[Extracted records]
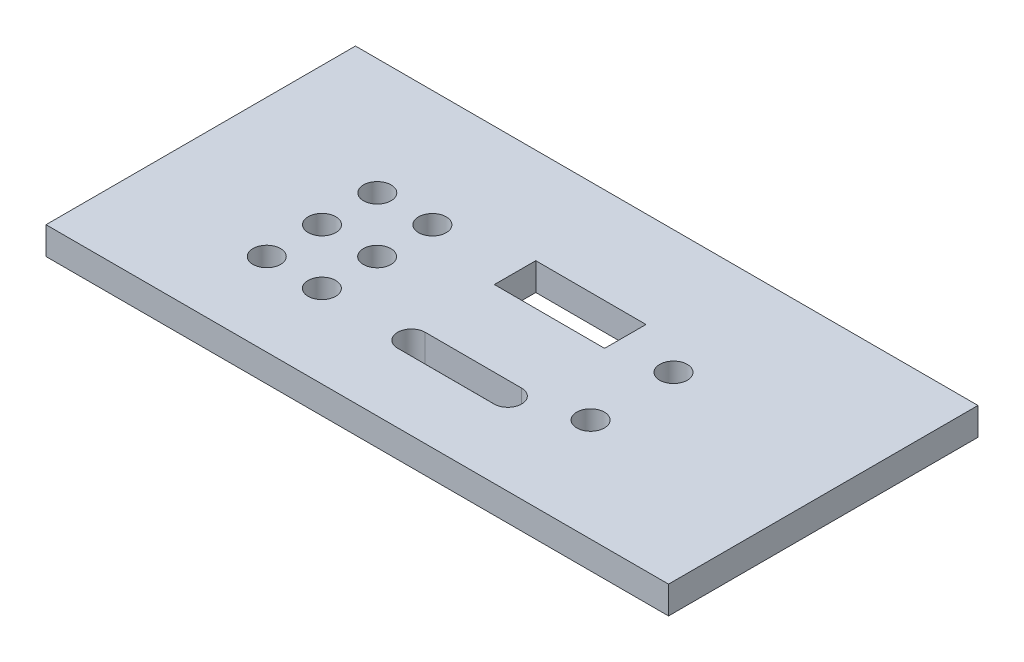
ISO-10303-21;
HEADER;
FILE_DESCRIPTION(('STEP AP214'),'2;1');
FILE_NAME('part.step','',(''),(''),'','','');
FILE_SCHEMA(('AUTOMOTIVE_DESIGN { 1 0 10303 214 1 1 1 1 }'));
ENDSEC;
DATA;
#1=APPLICATION_CONTEXT('core data for automotive mechanical design processes');
#2=APPLICATION_PROTOCOL_DEFINITION('international standard','automotive_design',2000,#1);
#3=PRODUCT_CONTEXT('',#1,'mechanical');
#4=PRODUCT('Part','Part','',(#3));
#5=PRODUCT_RELATED_PRODUCT_CATEGORY('part','',(#4));
#6=PRODUCT_DEFINITION_FORMATION('','',#4);
#7=PRODUCT_DEFINITION_CONTEXT('part definition',#1,'design');
#8=PRODUCT_DEFINITION('design','',#6,#7);
#9=PRODUCT_DEFINITION_SHAPE('','',#8);
#10=(LENGTH_UNIT() NAMED_UNIT(*) SI_UNIT(.MILLI.,.METRE.));
#11=(NAMED_UNIT(*) PLANE_ANGLE_UNIT() SI_UNIT($,.RADIAN.));
#12=(NAMED_UNIT(*) SI_UNIT($,.STERADIAN.) SOLID_ANGLE_UNIT());
#13=UNCERTAINTY_MEASURE_WITH_UNIT(LENGTH_MEASURE(1.E-05),#10,'distance_accuracy_value','');
#14=(GEOMETRIC_REPRESENTATION_CONTEXT(3) GLOBAL_UNCERTAINTY_ASSIGNED_CONTEXT((#13)) GLOBAL_UNIT_ASSIGNED_CONTEXT((#10,
#11,#12)) REPRESENTATION_CONTEXT('',''));
#15=CARTESIAN_POINT('',(0.,0.,0.));
#16=DIRECTION('',(0.,0.,1.));
#17=DIRECTION('',(1.,0.,0.));
#18=AXIS2_PLACEMENT_3D('',#15,#16,#17);
#19=CARTESIAN_POINT('',(-112.800521338315,10.,56.0742476017058));
#20=DIRECTION('',(1.,0.,0.));
#21=DIRECTION('',(0.,0.,-1.));
#22=AXIS2_PLACEMENT_3D('',#19,#20,#21);
#23=PLANE('',#22);
#24=DIRECTION('',(0.,0.,1.));
#25=VECTOR('',#24,1.);
#26=CARTESIAN_POINT('',(-112.800521338315,0.,56.0742476017058));
#27=LINE('',#26,#25);
#28=CARTESIAN_POINT('',(-112.800521338315,0.,-56.0742476017058));
#29=VERTEX_POINT('',#28);
#30=CARTESIAN_POINT('',(-112.800521338315,0.,56.0742476017058));
#31=VERTEX_POINT('',#30);
#32=EDGE_CURVE('E210',#29,#31,#27,.T.);
#33=ORIENTED_EDGE('',*,*,#32,.T.);
#34=DIRECTION('',(0.,-1.,0.));
#35=VECTOR('',#34,1.);
#36=CARTESIAN_POINT('',(-112.800521338315,10.,56.0742476017058));
#37=LINE('',#36,#35);
#38=CARTESIAN_POINT('',(-112.800521338315,10.,56.0742476017058));
#39=VERTEX_POINT('',#38);
#40=EDGE_CURVE('E11',#39,#31,#37,.T.);
#41=ORIENTED_EDGE('',*,*,#40,.F.);
#42=DIRECTION('',(0.,0.,1.));
#43=VECTOR('',#42,1.);
#44=CARTESIAN_POINT('',(-112.800521338315,10.,56.0742476017058));
#45=LINE('',#44,#43);
#46=CARTESIAN_POINT('',(-112.800521338315,10.,-56.0742476017058));
#47=VERTEX_POINT('',#46);
#48=EDGE_CURVE('E213',#47,#39,#45,.T.);
#49=ORIENTED_EDGE('',*,*,#48,.F.);
#50=DIRECTION('',(0.,-1.,0.));
#51=VECTOR('',#50,1.);
#52=CARTESIAN_POINT('',(-112.800521338315,10.,-56.0742476017058));
#53=LINE('',#52,#51);
#54=EDGE_CURVE('E223',#47,#29,#53,.T.);
#55=ORIENTED_EDGE('',*,*,#54,.T.);
#56=EDGE_LOOP('',(#33,#41,#49,#55));
#57=FACE_BOUND('',#56,.T.);
#58=ADVANCED_FACE('F33',(#57),#23,.F.);
#59=CARTESIAN_POINT('',(112.800521338315,10.,56.0742476017058));
#60=DIRECTION('',(0.,0.,-1.));
#61=DIRECTION('',(-1.,0.,0.));
#62=AXIS2_PLACEMENT_3D('',#59,#60,#61);
#63=PLANE('',#62);
#64=DIRECTION('',(1.,0.,0.));
#65=VECTOR('',#64,1.);
#66=CARTESIAN_POINT('',(112.800521338315,0.,56.0742476017058));
#67=LINE('',#66,#65);
#68=CARTESIAN_POINT('',(112.800521338315,0.,56.0742476017058));
#69=VERTEX_POINT('',#68);
#70=EDGE_CURVE('E226',#31,#69,#67,.T.);
#71=ORIENTED_EDGE('',*,*,#70,.T.);
#72=DIRECTION('',(0.,-1.,0.));
#73=VECTOR('',#72,1.);
#74=CARTESIAN_POINT('',(112.800521338315,10.,56.0742476017058));
#75=LINE('',#74,#73);
#76=CARTESIAN_POINT('',(112.800521338315,10.,56.0742476017058));
#77=VERTEX_POINT('',#76);
#78=EDGE_CURVE('E40',#77,#69,#75,.T.);
#79=ORIENTED_EDGE('',*,*,#78,.F.);
#80=DIRECTION('',(1.,0.,0.));
#81=VECTOR('',#80,1.);
#82=CARTESIAN_POINT('',(112.800521338315,10.,56.0742476017058));
#83=LINE('',#82,#81);
#84=EDGE_CURVE('E216',#39,#77,#83,.T.);
#85=ORIENTED_EDGE('',*,*,#84,.F.);
#86=ORIENTED_EDGE('',*,*,#40,.T.);
#87=EDGE_LOOP('',(#71,#79,#85,#86));
#88=FACE_BOUND('',#87,.T.);
#89=ADVANCED_FACE('F255',(#88),#63,.F.);
#90=CARTESIAN_POINT('',(112.800521338315,10.,56.0742476017058));
#91=DIRECTION('',(-1.,0.,0.));
#92=DIRECTION('',(0.,0.,1.));
#93=AXIS2_PLACEMENT_3D('',#90,#91,#92);
#94=PLANE('',#93);
#95=DIRECTION('',(0.,0.,-1.));
#96=VECTOR('',#95,1.);
#97=CARTESIAN_POINT('',(112.800521338315,0.,56.0742476017058));
#98=LINE('',#97,#96);
#99=CARTESIAN_POINT('',(112.800521338315,0.,-56.0742476017058));
#100=VERTEX_POINT('',#99);
#101=EDGE_CURVE('E228',#69,#100,#98,.T.);
#102=ORIENTED_EDGE('',*,*,#101,.T.);
#103=DIRECTION('',(0.,-1.,0.));
#104=VECTOR('',#103,1.);
#105=CARTESIAN_POINT('',(112.800521338315,10.,-56.0742476017058));
#106=LINE('',#105,#104);
#107=CARTESIAN_POINT('',(112.800521338315,10.,-56.0742476017058));
#108=VERTEX_POINT('',#107);
#109=EDGE_CURVE('E233',#108,#100,#106,.T.);
#110=ORIENTED_EDGE('',*,*,#109,.F.);
#111=DIRECTION('',(0.,0.,-1.));
#112=VECTOR('',#111,1.);
#113=CARTESIAN_POINT('',(112.800521338315,10.,56.0742476017058));
#114=LINE('',#113,#112);
#115=EDGE_CURVE('E219',#77,#108,#114,.T.);
#116=ORIENTED_EDGE('',*,*,#115,.F.);
#117=ORIENTED_EDGE('',*,*,#78,.T.);
#118=EDGE_LOOP('',(#102,#110,#116,#117));
#119=FACE_BOUND('',#118,.T.);
#120=ADVANCED_FACE('F240',(#119),#94,.F.);
#121=CARTESIAN_POINT('',(112.800521338315,10.,-56.0742476017058));
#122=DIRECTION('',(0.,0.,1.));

TASK INSTRUCTIONS - Beginning at the line with "#60=DIRECTION('',(0.,0.,-1.));" and stopping after the line with "#75=LINE('',#74,#73);", please write out every line of the data above exactly and nothing else.

SOLUTION FOR THIS EXERCISE -
#60=DIRECTION('',(0.,0.,-1.));
#61=DIRECTION('',(-1.,0.,0.));
#62=AXIS2_PLACEMENT_3D('',#59,#60,#61);
#63=PLANE('',#62);
#64=DIRECTION('',(1.,0.,0.));
#65=VECTOR('',#64,1.);
#66=CARTESIAN_POINT('',(112.800521338315,0.,56.0742476017058));
#67=LINE('',#66,#65);
#68=CARTESIAN_POINT('',(112.800521338315,0.,56.0742476017058));
#69=VERTEX_POINT('',#68);
#70=EDGE_CURVE('E226',#31,#69,#67,.T.);
#71=ORIENTED_EDGE('',*,*,#70,.T.);
#72=DIRECTION('',(0.,-1.,0.));
#73=VECTOR('',#72,1.);
#74=CARTESIAN_POINT('',(112.800521338315,10.,56.0742476017058));
#75=LINE('',#74,#73);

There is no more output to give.